Zahnstein ist ein häufiges Problem bei Hunden. Unter Zahnstein versteht man Zahnbeläge, die durch Einlagerungen von Mineralien aus dem Speichel des Tieres hart geworden sind. Zahnstein besteht aus Bakterien, Futterresten, Schleimhautzellen und Mineralien. Er bildet sich zunächst am Übergang vom Zahn zum Zahnfleisch und hat eine raue Oberfläche. Aus diesem Grund können sich weitere Beläge ganz einfach anhaften. Dadurch nimmt der Zahnstein bei Hunden an Dicke zu. Zahnstein bei Hunden betrifft besonders häufig die Backen-, Reiß- und die Eckzähne des Oberkiefers.

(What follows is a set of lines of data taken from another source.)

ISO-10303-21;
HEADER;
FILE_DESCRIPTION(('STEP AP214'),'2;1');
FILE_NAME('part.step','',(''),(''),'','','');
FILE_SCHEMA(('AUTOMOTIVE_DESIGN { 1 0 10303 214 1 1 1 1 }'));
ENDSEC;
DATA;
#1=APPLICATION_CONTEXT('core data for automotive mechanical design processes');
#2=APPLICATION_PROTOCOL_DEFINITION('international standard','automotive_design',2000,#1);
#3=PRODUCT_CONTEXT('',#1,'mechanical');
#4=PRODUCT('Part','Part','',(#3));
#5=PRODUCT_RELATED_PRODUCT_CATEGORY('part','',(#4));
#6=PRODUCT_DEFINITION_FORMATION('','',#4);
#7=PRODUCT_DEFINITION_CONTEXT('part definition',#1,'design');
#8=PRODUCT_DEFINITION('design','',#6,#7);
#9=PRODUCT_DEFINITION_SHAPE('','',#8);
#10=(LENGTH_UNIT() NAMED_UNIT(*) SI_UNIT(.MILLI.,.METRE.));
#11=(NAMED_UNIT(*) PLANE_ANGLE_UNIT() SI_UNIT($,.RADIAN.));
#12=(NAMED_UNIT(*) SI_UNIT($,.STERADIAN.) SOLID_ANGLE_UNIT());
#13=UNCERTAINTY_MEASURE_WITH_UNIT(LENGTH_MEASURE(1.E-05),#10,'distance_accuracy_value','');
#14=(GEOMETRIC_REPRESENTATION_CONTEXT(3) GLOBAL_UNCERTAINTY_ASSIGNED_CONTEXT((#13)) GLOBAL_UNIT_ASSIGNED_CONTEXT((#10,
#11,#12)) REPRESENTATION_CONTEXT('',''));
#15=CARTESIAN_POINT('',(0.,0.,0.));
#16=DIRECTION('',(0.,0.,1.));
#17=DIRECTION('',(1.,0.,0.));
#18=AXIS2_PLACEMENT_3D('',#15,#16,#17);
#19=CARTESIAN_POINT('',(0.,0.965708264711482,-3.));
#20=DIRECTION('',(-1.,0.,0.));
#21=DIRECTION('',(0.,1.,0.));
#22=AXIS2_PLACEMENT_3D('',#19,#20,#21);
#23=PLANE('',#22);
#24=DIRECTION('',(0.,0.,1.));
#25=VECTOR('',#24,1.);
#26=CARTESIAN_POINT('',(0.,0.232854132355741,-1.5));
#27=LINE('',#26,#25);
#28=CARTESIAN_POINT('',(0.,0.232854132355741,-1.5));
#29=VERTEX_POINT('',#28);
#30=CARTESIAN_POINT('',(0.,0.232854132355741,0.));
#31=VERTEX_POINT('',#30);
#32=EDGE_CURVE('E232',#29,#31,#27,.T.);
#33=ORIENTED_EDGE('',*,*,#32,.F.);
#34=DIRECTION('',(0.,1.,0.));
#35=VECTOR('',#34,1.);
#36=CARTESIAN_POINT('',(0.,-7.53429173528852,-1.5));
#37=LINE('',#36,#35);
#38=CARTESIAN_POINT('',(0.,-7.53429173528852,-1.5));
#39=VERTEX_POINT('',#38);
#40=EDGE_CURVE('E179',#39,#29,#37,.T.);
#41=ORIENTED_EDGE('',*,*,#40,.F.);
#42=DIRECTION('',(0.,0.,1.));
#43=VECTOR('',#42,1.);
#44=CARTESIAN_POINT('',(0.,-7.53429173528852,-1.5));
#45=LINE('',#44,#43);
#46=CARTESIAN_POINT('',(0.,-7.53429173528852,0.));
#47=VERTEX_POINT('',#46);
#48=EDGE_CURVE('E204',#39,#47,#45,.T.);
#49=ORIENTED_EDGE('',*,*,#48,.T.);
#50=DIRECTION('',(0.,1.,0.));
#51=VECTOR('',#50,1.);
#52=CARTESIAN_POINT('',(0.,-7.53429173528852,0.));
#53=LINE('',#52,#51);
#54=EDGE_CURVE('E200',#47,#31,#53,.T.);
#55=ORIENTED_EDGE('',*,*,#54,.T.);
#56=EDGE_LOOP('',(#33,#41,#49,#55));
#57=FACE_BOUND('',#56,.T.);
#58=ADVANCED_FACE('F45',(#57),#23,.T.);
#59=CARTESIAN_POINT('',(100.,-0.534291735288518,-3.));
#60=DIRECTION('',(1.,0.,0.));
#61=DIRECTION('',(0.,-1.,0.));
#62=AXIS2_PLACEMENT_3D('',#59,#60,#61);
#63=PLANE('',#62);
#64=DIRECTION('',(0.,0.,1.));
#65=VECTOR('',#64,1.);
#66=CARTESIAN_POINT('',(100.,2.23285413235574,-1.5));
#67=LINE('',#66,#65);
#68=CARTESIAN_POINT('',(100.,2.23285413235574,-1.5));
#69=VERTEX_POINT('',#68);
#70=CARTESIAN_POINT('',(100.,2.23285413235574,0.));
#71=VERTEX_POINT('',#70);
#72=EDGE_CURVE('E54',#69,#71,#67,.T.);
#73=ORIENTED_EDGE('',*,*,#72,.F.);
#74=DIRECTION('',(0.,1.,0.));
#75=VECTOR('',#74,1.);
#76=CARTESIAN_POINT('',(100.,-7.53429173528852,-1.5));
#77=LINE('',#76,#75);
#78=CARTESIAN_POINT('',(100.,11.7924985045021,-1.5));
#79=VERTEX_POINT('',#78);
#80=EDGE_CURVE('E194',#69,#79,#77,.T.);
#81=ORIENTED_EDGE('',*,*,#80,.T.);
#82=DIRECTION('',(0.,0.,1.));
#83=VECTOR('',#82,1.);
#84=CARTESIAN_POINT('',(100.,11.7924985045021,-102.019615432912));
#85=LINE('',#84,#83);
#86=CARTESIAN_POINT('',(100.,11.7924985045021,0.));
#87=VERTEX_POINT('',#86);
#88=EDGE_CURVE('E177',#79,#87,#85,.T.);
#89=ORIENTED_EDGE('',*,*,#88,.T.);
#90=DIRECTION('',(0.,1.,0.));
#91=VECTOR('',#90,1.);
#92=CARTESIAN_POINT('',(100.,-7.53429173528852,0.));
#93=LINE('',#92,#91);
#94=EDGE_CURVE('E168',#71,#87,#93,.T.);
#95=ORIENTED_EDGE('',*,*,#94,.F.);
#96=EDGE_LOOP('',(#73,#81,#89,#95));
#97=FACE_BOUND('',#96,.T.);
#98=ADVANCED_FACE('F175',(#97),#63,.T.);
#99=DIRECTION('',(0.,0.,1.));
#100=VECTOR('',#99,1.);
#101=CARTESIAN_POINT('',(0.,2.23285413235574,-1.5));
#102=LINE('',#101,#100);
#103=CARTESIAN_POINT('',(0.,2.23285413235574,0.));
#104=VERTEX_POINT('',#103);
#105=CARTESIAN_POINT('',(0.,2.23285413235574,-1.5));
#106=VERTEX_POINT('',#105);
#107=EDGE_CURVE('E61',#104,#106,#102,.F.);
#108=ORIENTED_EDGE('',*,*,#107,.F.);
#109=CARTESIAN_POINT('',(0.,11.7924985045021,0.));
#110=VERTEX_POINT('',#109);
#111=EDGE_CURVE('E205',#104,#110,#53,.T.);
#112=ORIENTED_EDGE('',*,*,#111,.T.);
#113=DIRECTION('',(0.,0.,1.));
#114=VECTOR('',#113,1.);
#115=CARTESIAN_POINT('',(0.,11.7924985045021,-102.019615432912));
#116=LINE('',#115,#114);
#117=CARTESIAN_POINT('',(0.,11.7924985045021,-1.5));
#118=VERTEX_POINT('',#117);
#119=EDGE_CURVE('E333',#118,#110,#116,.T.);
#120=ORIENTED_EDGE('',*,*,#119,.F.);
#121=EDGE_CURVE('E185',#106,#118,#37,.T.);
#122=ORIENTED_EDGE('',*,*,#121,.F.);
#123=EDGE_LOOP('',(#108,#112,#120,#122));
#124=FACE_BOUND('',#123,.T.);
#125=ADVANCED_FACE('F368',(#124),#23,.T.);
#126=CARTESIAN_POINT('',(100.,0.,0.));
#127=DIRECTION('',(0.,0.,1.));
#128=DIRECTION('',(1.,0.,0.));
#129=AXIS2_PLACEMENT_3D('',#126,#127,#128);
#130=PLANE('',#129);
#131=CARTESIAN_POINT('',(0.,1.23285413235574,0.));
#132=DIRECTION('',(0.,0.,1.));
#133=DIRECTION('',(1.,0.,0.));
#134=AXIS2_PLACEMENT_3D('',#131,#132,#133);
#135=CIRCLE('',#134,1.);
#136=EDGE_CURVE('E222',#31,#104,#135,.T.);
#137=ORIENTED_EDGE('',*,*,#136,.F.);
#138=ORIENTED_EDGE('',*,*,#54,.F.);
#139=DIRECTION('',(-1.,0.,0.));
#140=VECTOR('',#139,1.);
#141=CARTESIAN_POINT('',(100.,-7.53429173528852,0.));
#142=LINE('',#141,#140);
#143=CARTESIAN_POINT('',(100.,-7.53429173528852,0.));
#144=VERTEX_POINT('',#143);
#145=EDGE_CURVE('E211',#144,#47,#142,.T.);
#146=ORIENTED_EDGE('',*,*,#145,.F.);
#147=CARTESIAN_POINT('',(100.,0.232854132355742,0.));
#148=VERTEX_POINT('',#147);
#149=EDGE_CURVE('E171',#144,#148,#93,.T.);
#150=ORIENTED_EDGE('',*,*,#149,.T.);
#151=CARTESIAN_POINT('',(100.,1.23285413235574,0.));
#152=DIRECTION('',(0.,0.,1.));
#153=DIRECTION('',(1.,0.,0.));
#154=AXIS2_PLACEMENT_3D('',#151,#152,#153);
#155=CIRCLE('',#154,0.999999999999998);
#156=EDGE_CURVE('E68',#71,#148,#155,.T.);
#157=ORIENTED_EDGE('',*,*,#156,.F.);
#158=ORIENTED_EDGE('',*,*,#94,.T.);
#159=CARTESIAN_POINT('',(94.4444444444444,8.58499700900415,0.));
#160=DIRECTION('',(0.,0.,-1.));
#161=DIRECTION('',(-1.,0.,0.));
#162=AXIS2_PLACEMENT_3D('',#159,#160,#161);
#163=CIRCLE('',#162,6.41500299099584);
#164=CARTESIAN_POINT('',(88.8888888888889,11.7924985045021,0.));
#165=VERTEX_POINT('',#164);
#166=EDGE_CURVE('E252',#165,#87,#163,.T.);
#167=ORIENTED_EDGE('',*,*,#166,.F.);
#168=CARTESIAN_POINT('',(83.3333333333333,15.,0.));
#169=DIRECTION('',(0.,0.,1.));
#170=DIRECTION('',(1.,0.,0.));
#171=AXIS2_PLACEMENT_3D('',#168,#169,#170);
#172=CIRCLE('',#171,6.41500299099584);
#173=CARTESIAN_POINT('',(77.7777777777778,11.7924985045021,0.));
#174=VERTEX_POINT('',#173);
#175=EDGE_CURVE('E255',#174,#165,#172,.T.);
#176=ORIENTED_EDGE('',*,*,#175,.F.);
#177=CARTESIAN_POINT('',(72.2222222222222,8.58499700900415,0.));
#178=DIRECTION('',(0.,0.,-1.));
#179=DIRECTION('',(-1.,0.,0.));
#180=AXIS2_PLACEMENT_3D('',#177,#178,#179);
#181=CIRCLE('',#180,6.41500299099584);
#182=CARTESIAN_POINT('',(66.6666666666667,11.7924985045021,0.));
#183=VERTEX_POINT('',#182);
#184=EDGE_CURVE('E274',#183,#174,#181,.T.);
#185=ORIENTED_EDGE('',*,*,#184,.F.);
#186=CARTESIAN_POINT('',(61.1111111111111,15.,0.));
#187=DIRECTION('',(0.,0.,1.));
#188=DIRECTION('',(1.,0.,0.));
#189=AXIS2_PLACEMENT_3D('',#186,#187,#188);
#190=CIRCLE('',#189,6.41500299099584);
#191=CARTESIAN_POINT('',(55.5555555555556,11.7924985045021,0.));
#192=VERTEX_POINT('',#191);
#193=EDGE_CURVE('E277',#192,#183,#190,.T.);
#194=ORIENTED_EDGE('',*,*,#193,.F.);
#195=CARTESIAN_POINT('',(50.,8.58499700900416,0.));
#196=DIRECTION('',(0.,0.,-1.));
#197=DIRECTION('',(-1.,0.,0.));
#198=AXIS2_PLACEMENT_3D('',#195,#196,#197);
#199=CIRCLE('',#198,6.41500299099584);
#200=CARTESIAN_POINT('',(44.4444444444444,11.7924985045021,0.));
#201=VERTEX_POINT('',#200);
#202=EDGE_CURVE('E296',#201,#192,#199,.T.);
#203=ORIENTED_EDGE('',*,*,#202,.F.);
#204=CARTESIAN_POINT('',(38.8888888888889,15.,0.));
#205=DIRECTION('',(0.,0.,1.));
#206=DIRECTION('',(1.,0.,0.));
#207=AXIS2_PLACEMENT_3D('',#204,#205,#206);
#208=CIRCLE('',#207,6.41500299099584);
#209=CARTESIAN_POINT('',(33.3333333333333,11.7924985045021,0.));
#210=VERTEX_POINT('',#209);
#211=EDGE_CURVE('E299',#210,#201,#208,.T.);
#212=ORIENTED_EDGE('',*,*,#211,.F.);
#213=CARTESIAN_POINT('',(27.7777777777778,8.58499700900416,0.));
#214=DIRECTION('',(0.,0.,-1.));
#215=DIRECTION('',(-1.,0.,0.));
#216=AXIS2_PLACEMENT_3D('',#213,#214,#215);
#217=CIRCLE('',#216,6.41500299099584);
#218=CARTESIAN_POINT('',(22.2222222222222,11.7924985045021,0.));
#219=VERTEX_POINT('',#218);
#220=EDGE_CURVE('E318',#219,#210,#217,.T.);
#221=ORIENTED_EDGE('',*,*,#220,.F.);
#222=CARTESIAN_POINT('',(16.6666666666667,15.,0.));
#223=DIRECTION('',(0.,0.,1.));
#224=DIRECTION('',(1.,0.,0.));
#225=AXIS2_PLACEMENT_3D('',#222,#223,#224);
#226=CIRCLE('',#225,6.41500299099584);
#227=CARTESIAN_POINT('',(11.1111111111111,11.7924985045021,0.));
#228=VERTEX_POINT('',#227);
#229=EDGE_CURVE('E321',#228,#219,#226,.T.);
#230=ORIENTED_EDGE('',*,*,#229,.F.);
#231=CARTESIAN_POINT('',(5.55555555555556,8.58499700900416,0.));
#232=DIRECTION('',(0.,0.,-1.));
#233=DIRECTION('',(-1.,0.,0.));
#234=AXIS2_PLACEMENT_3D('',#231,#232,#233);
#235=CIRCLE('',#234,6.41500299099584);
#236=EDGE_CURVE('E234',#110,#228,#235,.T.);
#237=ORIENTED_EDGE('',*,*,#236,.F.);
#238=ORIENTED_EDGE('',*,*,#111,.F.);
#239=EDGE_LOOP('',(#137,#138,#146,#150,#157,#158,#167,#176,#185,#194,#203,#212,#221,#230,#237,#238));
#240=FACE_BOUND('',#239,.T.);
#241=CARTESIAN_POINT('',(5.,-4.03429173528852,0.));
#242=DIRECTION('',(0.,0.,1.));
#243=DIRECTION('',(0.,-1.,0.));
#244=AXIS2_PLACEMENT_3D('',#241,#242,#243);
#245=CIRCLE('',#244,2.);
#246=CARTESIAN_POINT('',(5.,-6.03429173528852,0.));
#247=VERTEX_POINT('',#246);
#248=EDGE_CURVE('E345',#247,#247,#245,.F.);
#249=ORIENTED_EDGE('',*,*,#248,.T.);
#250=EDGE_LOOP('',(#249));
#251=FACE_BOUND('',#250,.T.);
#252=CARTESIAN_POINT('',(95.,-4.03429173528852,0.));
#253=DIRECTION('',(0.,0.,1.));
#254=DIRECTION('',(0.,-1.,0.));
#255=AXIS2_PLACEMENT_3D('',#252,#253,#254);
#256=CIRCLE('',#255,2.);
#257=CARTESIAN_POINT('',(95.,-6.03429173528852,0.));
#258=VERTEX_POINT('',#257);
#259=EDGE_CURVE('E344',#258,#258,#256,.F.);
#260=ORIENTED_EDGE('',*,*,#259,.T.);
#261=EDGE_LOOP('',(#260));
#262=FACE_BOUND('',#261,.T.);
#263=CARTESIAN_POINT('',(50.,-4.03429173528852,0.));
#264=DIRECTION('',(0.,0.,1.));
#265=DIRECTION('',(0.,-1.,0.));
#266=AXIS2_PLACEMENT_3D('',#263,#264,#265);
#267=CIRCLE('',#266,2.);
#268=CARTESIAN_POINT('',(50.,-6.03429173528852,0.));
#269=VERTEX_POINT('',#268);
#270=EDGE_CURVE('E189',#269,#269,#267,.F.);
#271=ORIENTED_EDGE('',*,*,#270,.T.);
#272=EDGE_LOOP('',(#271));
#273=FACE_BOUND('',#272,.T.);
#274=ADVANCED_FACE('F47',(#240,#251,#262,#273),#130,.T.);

Ursachen für Zahnstein bei Hunden

Die Ursache für Zahnstein bei Hunden liegt vor allem in der Bildung von Zahnbelägen, die nicht entfernt werden. Bakterien sammeln sich in Futterresten und bilden in Verbindung mit Zellen der Mundschleimhaut und Mineralien aus dem Speichel den harten Zahnstein. Der Zahnstein vermehrt sich, wenn das Gebiss des Tieres nicht täglich gereinigt wird. Durch regelmäßiges Zähneputzen beim Hund lässt sich Zahnstein vermeiden. Eine Ursache für starken Zahnstein bei Hunden kann auch ein zu geringer Speichelfluss sein. Der Speichel hat unter anderem die Aufgabe, die Futterreste und Bakterien aus dem Mund zu spülen. Von Zahnstein sind besonders häufig kleine Hunderassen betroffen. Aufgrund der oftmals kurzen Schnauze und einer damit häufig einhergehenden Kieferfehlstellung neigen kleine Hunde eher zu Zahnstein. Zudem hecheln kleine Hunde mit einem kurzen Fang häufiger, wodurch die Mundschleimhaut austrocknet. Die Fütterung von viel Feuchtfutter und wenig harten, kauintensiven Futtermitteln kann ebenfalls die Bildung von Zahnstein begünstigen.

Symptome bei Zahnstein

Zahnstein bei Hunden äußert sich zum einen durch die gelblich braunen Beläge auf den Zähnen. Zumeist sind die Zähne des Oberkiefers betroffen. Außerdem kann das betroffene Tier Mundgeruch haben. Leichte Zahnsteinbildung fällt häufig nicht auf, da sie kaum Probleme bereitet. Erst mittlere und starke Zahnsteinbildung führen dann zu weiteren Symptomen wie Blutungen und Entzündungen am Zahnfleisch und Futterverweigerung.

Den Zahnstein entfernen lassen

Weiche Zahnbeläge kann der Hundehalter durch regelmäßiges Zähneputzen seines Hundes selbst entfernen. Harter Zahnstein muss vom Tierarzt entfernt werden. Wird der Zahnstein nicht entfernt, kann es zu eitrigen Zahnfleischentzündungen kommen. Eine Hundekrankenversicherung kann je nach vereinbarter Leistung die Kosten einer regelmäßigen Zahnprophylaxe übernehmen.

Die genannten Informationen stellen keine Anleitung zur Selbstdiagnose und Behandlung von Tierkrankheiten dar. Tierhalter sollten bei gesundheitlichen Problemen ihres Tieres in jedem Fall einen Tierarzt um Rat fragen. Diagnosen über das Internet sind nicht möglich.